A Way Forward for OpenStreetMap’s Data Model

Jochen Topf has published a the preliminary report on the shortcomings of OpenStreetMap’s data model. It’s a very very in-the-weeds document, providing an in-depth discussion of the current state of OSM’s data model and ways to improve and future-proof it.

The report vets the data model against the backdrop of anticipated growth of the OSM data set and its implications for data processing, it looks at the lack of a native polygon geometry type (a classic!), limitations related to mapping large objects or and those with fuzzy boundaries, its incompatibility with standard GIS software, and many others. Topf also suggests solutions addressing some of the problems, including removing untagged nodes, introducing an area type, limiting the length of tag values, changing the database management system, and offering different data formats via the API and for exports.

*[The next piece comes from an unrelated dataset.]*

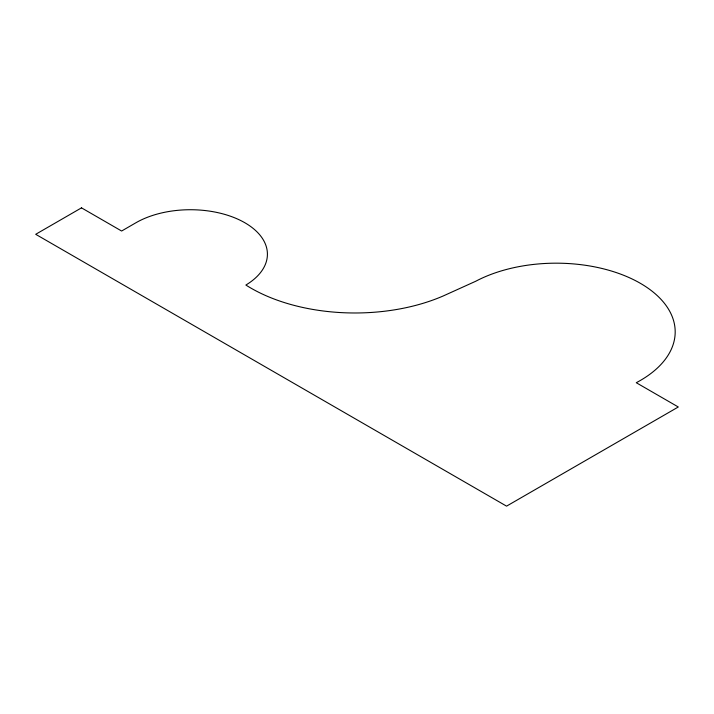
<?xml version="1.0" encoding="UTF-8"?>
<svg xmlns="http://www.w3.org/2000/svg" width="714" height="714" viewBox="0 0 714 714"><rect width="100%" height="100%" fill="white"/><g stroke="black" fill="none" stroke-linecap="round" stroke-linejoin="round"><path stroke-width="1.07" d="M81.503 207.854L35.7 234.299L506.556 506.146L678.3 406.989L636.263 382.713A119.015 68.714 0 0 0 644.064 285.555A119.015 68.714 0 0 0 475.765 281.236L443.224 295.962A147.022 84.886 0 0 1 245.875 285.038A77.014 44.464 0 0 0 244.679 222.652A77.014 44.464 0 0 0 136.624 222.357L121.621 231.024L81.503 207.854"/></g></svg>

How many of the proposed changes will be implanted remains to be seen, Topf himself is cautious:

I am not proposing any action or, at most, minor steps. This is not because those are not important issues, but because I cannot see a clear path to any improvements. Often the goals are too vague to be actionable.

Implementing just some of the proposed changes would be if big lift, every tool interacting with the OSM data and API will be affected; every editor, every command-line script that coverts data, every export tool. It would require constant engagement with the community and strong technical leadership.


On a side note, it’s almost disappointing how few arguments about the paper there have been so far, compared to the huge stir the announcement of Topf’s review had caused a few months back.